L. Wangai, Butt. F, Mandela P. "Horizontal angle of inclination of the mandibular condyle in a kenyan population." Anatomy Journal of Africa . 2012;1(1):46-49. Abstract

The horizontal angle of inclination, is important in maintaining the function of the temporomandibular joint. It should be maintained in the manufacture of condylar prostheses since deviation may lead to disk displacement and degeneration of the articular fossa. While inter-population variations exist in mandibular morphometry, published information on the horizontal angle of inclination in the African population is not available. This study therefore aimed to determine the normal range of the horizontal angle of inclination amongst Kenyans. Sixty three mandibles of African origin were used. The horizontal angle of inclination was measured as the angle between the medio-lateral axis and the coronal plane. Data collected were analyzed using SPSS v.17 for means and variance, and represented using tables, charts and photographs. The horizontal angle of inclination was larger on the right (22.55°) than on the left (20.01°) (p = 0.002). The mean angle was larger on the right (24.76° vs. 21.75° in males) but smaller on the left in females (17.80° vs. 20.37° in males), but the difference was not statistically significant.
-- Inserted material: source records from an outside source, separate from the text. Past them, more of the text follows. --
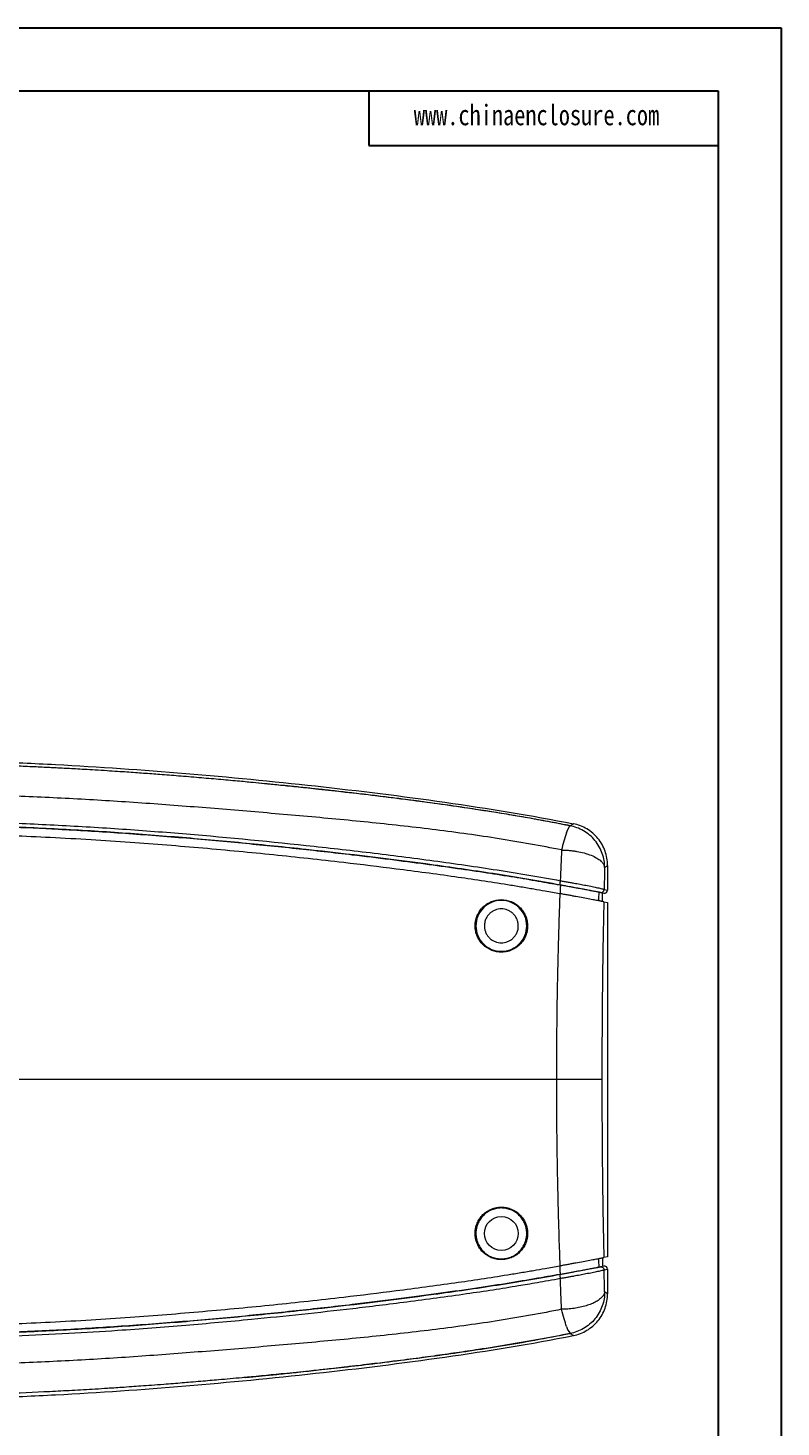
# Model space of a CAD drawing. Header units: inches. Extents: x 2021 to 3023, y 1089 to 1338.
# Drawn here: x 2301.9 to 2373, y 1205.8 to 1337.7 of the extents above; entities that cross this region are included whole.
import ezdxf

# ---------------------------------------------------------------- set-up
doc = ezdxf.new("R2010")
doc.units = ezdxf.units.IN
doc.layers.add('文字', color=81, linetype='Continuous')
doc.styles.add('宋体', font='', dxfattribs={"width": 0.8, "height": 3.5})
doc.styles.get('宋体').set_extended_font_data('SimSun')

msp = doc.modelspace()

# ---------------------------------------------------------------- linework, layer by layer
for p, q in [((2020.592, 1337.69), (2373.001, 1337.69)), ((2373.001, 1337.69), (2373.001, 1088.511)), ((2029.711, 1331.757), (2367.068, 1331.757)), ((2334.108, 1331.757), (2334.108, 1326.607)), ((2367.068, 1331.757), (2367.068, 1094.444)), ((2334.108, 1326.607), (2367.068, 1326.607))]:
    msp.add_line(p, q)
at = {"color": 7, "linetype": 'Continuous', "lineweight": 15}
for p, q in [((2353.1, 1262.458), (2353.121, 1262.47)), ((2353.407, 1262.66), (2353.121, 1262.47)), ((2356.36, 1258.547), (2356.63, 1258.731)), ((2356.63, 1258.731), (2356.63, 1256.416)), ((2356.162, 1256.143), (2355.801, 1256.21)), ((2355.952, 1256.182), (2356.276, 1256.121)), ((2356.162, 1255.329), (2356.162, 1256.143)), ((2356.306, 1256.477), (2356.63, 1256.416)), ((2356.279, 1255.307), (2356.63, 1255.242)), ((2356.63, 1255.242), (2356.63, 1221.829)), ((2356.161, 1221.742), (2356.162, 1220.928)), ((2356.63, 1221.829), (2356.279, 1221.764)), ((2355.801, 1220.861), (2356.162, 1220.928)), ((2356.276, 1220.95), (2355.952, 1220.889)), ((2356.306, 1220.594), (2356.63, 1220.655)), ((2356.63, 1220.655), (2356.63, 1218.34)), ((2356.63, 1218.34), (2356.36, 1218.524))]:
    msp.add_line(p, q, dxfattribs=at)
msp.add_circle((2346.611, 1224.036), 1.6, dxfattribs=at)
for centre, radius, start, end in [((2368.865, 1256.263), 17.029, 160.96266, 166.67608), ((2353.24, 1256.971), 1.112, 163.15974, 184.10136), ((2356.006, 1256.477), 0.3, 259.53925, 0.01999), ((2353.24, 1220.1), 1.112, 175.8986, 196.8403), ((2354.045, 1215.524), 1.306, 191.95419, 224.94533)]:
    msp.add_arc(centre, radius, start, end, dxfattribs=at)
at = {"color": 8, "linetype": 'Continuous', "lineweight": 15}
for points, knots in [([(2322.447, 1266.614), (2322.205, 1266.636), (2321.368, 1266.715), (2319.911, 1266.846), (2318.053, 1267.007), (2316.207, 1267.159), (2314.466, 1267.296), (2313.113, 1267.397), (2312.069, 1267.472), (2311.246, 1267.53), (2310.353, 1267.59), (2309.361, 1267.655), (2308.324, 1267.719), (2307.331, 1267.778), (2306.461, 1267.827), (2305.711, 1267.868), (2305.06, 1267.903), (2304.508, 1267.931), (2303.681, 1267.972), (2302.48, 1268.028), (2300.809, 1268.098), (2298.944, 1268.167), (2296.887, 1268.231), (2294.638, 1268.288), (2292.335, 1268.331), (2290.117, 1268.363), (2288.134, 1268.385), (2286.221, 1268.4), (2284.382, 1268.41), (2282.619, 1268.414), (2281.328, 1268.413), (2280.448, 1268.411), (2279.907, 1268.41), (2279.298, 1268.407), (2278.593, 1268.403), (2277.783, 1268.398), (2276.977, 1268.39), (2276, 1268.38), (2274.868, 1268.365), (2273.543, 1268.343), (2272.162, 1268.316), (2270.671, 1268.281), (2269.432, 1268.246), (2268.489, 1268.216), (2267.869, 1268.195), (2267.238, 1268.173), (2266.594, 1268.148), (2266.091, 1268.128), (2265.643, 1268.11), (2265.14, 1268.088), (2264.32, 1268.052), (2263.414, 1268.008), (2262.622, 1267.968), (2262.066, 1267.938), (2261.611, 1267.914), (2261.182, 1267.89), (2260.776, 1267.867), (2259.909, 1267.816), (2258.108, 1267.706), (2256.438, 1267.588), (2255.371, 1267.512)], [0, 0, 0, 0, 0.0108118, 0.0374488, 0.0651396, 0.0938858, 0.1199414, 0.1429017, 0.1543313, 0.1665731, 0.1796276, 0.1942046, 0.210885, 0.225906, 0.2385471, 0.2497105, 0.2593953, 0.2676008, 0.2743266, 0.2963164, 0.3211847, 0.3489313, 0.3795539, 0.4130425, 0.4493649, 0.4824242, 0.5120962, 0.5379889, 0.5679254, 0.5943148, 0.6168149, 0.6256533, 0.6337078, 0.6409779, 0.6528919, 0.6652323, 0.6772445, 0.6889278, 0.7089305, 0.7278906, 0.7482156, 0.770756, 0.7946061, 0.8036809, 0.8129331, 0.8223632, 0.8319712, 0.8417573, 0.8448854, 0.8520226, 0.8642793, 0.8816589, 0.8926326, 0.8997934, 0.9065884, 0.9130174, 0.9190801, 0.9247765, 0.9519444, 1, 1, 1, 1]), ([(2352.768, 1261.818), (2352.768, 1261.818), (2352.768, 1261.818), (2352.768, 1261.819), (2352.768, 1261.819), (2352.769, 1261.821), (2352.77, 1261.824), (2352.772, 1261.829), (2352.776, 1261.84), (2352.784, 1261.862), (2352.795, 1261.891), (2352.808, 1261.927), (2352.825, 1261.97), (2352.848, 1262.027), (2352.874, 1262.09), (2352.903, 1262.157), (2352.936, 1262.226), (2352.97, 1262.292), (2353.006, 1262.354), (2353.042, 1262.407), (2353.075, 1262.445), (2353.094, 1262.454), (2353.1, 1262.458)], [0, 0, 0, 0, 0.0001328, 0.0003579, 0.001085, 0.00217, 0.00434, 0.00868, 0.0173599, 0.0347191, 0.0694322, 0.0983587, 0.1388202, 0.1965466, 0.2772847, 0.3486268, 0.4401285, 0.5517873, 0.6527367, 0.7748138, 0.9180153, 1, 1, 1, 1]), ([(2322.465, 1210.459), (2322.365, 1210.449), (2321.887, 1210.404), (2321.04, 1210.327), (2320.025, 1210.236), (2319.097, 1210.155), (2318.224, 1210.08), (2317.353, 1210.006), (2316.495, 1209.936), (2315.645, 1209.868), (2314.679, 1209.792), (2313.656, 1209.714), (2312.65, 1209.64), (2311.706, 1209.573), (2310.859, 1209.515), (2310.1, 1209.465), (2309.273, 1209.411), (2308.311, 1209.351), (2307.192, 1209.285), (2306.106, 1209.224), (2305.054, 1209.168), (2302.863, 1209.058), (2299.432, 1208.912), (2294.762, 1208.778), (2289.97, 1208.701), (2285.593, 1208.663), (2280.902, 1208.653), (2277.581, 1208.671), (2275.205, 1208.702), (2274.505, 1208.712), (2273.86, 1208.723), (2273.176, 1208.735), (2272.471, 1208.749), (2271.723, 1208.765), (2271.005, 1208.783), (2270.278, 1208.801), (2269.712, 1208.817), (2269.306, 1208.83), (2269.02, 1208.838), (2268.642, 1208.85), (2268.134, 1208.867), (2267.492, 1208.889), (2266.716, 1208.918), (2265.991, 1208.947), (2265.102, 1208.984), (2264.126, 1209.028), (2262.746, 1209.096), (2261.297, 1209.174), (2259.728, 1209.265), (2258.237, 1209.359), (2256.777, 1209.458), (2255.831, 1209.526), (2255.371, 1209.559)], [0, 0, 0, 0, 0.0044677, 0.0213593, 0.0378821, 0.049828, 0.0628382, 0.0769148, 0.0887241, 0.1011886, 0.1148757, 0.1318785, 0.1468551, 0.1598081, 0.1740101, 0.1846499, 0.1937172, 0.2109093, 0.2275603, 0.2436936, 0.2593369, 0.2745191, 0.3414599, 0.4124549, 0.4829485, 0.5554414, 0.6080364, 0.6926757, 0.703912, 0.7143504, 0.7239686, 0.7327451, 0.7449657, 0.7555187, 0.7662174, 0.7770641, 0.7880613, 0.7915229, 0.7952332, 0.8008622, 0.808436, 0.8179899, 0.8295688, 0.8432073, 0.8504351, 0.8693874, 0.8869314, 0.9122504, 0.9343742, 0.9573606, 0.9792573, 1, 1, 1, 1])]:
    msp.add_open_spline(points, degree=3, knots=knots, dxfattribs=at)
at = {"color": 7, "linetype": 'Continuous', "lineweight": 15}
for points, knots in [([(2255.414, 1267.954), (2259.496, 1268.239), (2263.582, 1268.463), (2271.767, 1268.735), (2275.866, 1268.788), (2282.012, 1268.794), (2284.061, 1268.784), (2288.159, 1268.747), (2290.207, 1268.719), (2294.305, 1268.64), (2296.354, 1268.587), (2300.452, 1268.444), (2302.501, 1268.354), (2308.647, 1268.033), (2312.743, 1267.748), (2320.92, 1267.066), (2325.003, 1266.673), (2333.159, 1265.774), (2337.229, 1265.269), (2345.342, 1264.111), (2349.385, 1263.452), (2353.407, 1262.66)], [0, 0, 0, 0, 0.125, 0.125, 0.25, 0.25, 0.3125, 0.3125, 0.375, 0.375, 0.4375, 0.4375, 0.5, 0.5, 0.625, 0.625, 0.75, 0.75, 0.875, 0.875, 1, 1, 1, 1]), ([(2353.101, 1262.461), (2351.97, 1262.679), (2349.773, 1263.103), (2346.549, 1263.648), (2343.511, 1264.121), (2340.661, 1264.529), (2337.763, 1264.916), (2334.86, 1265.279), (2331.999, 1265.615), (2329.567, 1265.885), (2327.533, 1266.102), (2325.866, 1266.275), (2324.433, 1266.419), (2323.319, 1266.53), (2322.684, 1266.591), (2322.447, 1266.614)], [0, 0, 0, 0, 0.1121418, 0.2178746, 0.3171865, 0.410102, 0.496641, 0.6004303, 0.6934533, 0.7757546, 0.8375028, 0.8915948, 0.9380719, 0.9769462, 1, 1, 1, 1]), ([(2353.121, 1262.47), (2352.503, 1262.59), (2351.247, 1262.834), (2349.324, 1263.182), (2347.381, 1263.516), (2345.41, 1263.835), (2343.392, 1264.144), (2341.376, 1264.436), (2339.33, 1264.718), (2337.514, 1264.957), (2335.8, 1265.173), (2334.205, 1265.368), (2332.54, 1265.564), (2330.913, 1265.749), (2329.428, 1265.912), (2328.046, 1266.059), (2326.786, 1266.19), (2325.612, 1266.309), (2324.521, 1266.416), (2323.472, 1266.518), (2322.777, 1266.583), (2322.447, 1266.614)], [0, 0, 0, 0, 0.0612524, 0.1244725, 0.1896709, 0.2524565, 0.317975, 0.387424, 0.4496248, 0.5178632, 0.5648081, 0.6168444, 0.6734513, 0.7271249, 0.7753555, 0.8181718, 0.8617235, 0.8979731, 0.9324359, 0.9678898, 1, 1, 1, 1]), ([(2352.295, 1260.188), (2350.351, 1260.583), (2348.387, 1260.933), (2344.433, 1261.558), (2342.443, 1261.833), (2338.446, 1262.331), (2336.438, 1262.554), (2332.404, 1262.968), (2330.375, 1263.159), (2326.296, 1263.525), (2324.251, 1263.7), (2320.174, 1264.041), (2318.139, 1264.205), (2314.074, 1264.515), (2312.045, 1264.661), (2307.996, 1264.919), (2305.976, 1265.033), (2301.933, 1265.22), (2299.911, 1265.294), (2295.862, 1265.403), (2293.836, 1265.438), (2287.755, 1265.505), (2283.695, 1265.506), (2277.606, 1265.46), (2275.576, 1265.435), (2271.512, 1265.366), (2269.48, 1265.322), (2265.429, 1265.202), (2263.41, 1265.125), (2259.393, 1264.927), (2257.396, 1264.804), (2255.407, 1264.662)], [0, 0, 0, 0, 0.0625, 0.0625, 0.125, 0.125, 0.1875, 0.1875, 0.25, 0.25, 0.3125, 0.3125, 0.375, 0.375, 0.4375, 0.4375, 0.5, 0.5, 0.5625, 0.5625, 0.625, 0.625, 0.75, 0.75, 0.8125, 0.8125, 0.875, 0.875, 0.9375, 0.9375, 1, 1, 1, 1]), ([(2255.795, 1262.004), (2256.224, 1262.021), (2257.071, 1262.054), (2258.327, 1262.113), (2259.554, 1262.174), (2260.751, 1262.238), (2261.919, 1262.301), (2263.057, 1262.363), (2264.165, 1262.423), (2265.244, 1262.478), (2266.293, 1262.529), (2267.313, 1262.575), (2268.303, 1262.615), (2269.264, 1262.65), (2270.196, 1262.681), (2271.098, 1262.708), (2271.97, 1262.732), (2272.813, 1262.752), (2273.627, 1262.769), (2274.41, 1262.783), (2275.164, 1262.795), (2275.889, 1262.804), (2276.583, 1262.812), (2277.248, 1262.818), (2280.256, 1262.839), (2285.621, 1262.809), (2291.752, 1262.665), (2296.578, 1262.508), (2300.394, 1262.365), (2305.096, 1262.149), (2310.454, 1261.827), (2316.116, 1261.397), (2321.735, 1260.899), (2327.195, 1260.352), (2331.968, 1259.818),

The difference between right and left angles was larger in females (6.96°, p < 0.05) than in males (1.38°, p > 0.05). It differed significantly between the left and the right. This difference was more pronounced in females than in males for unknown reasons. The horizontal angle of inclination in Kenyans was different from those reported in general literature, and manufacturers of condylar prostheses need to factor these variations during fabrication to avoid post-operative morbidity.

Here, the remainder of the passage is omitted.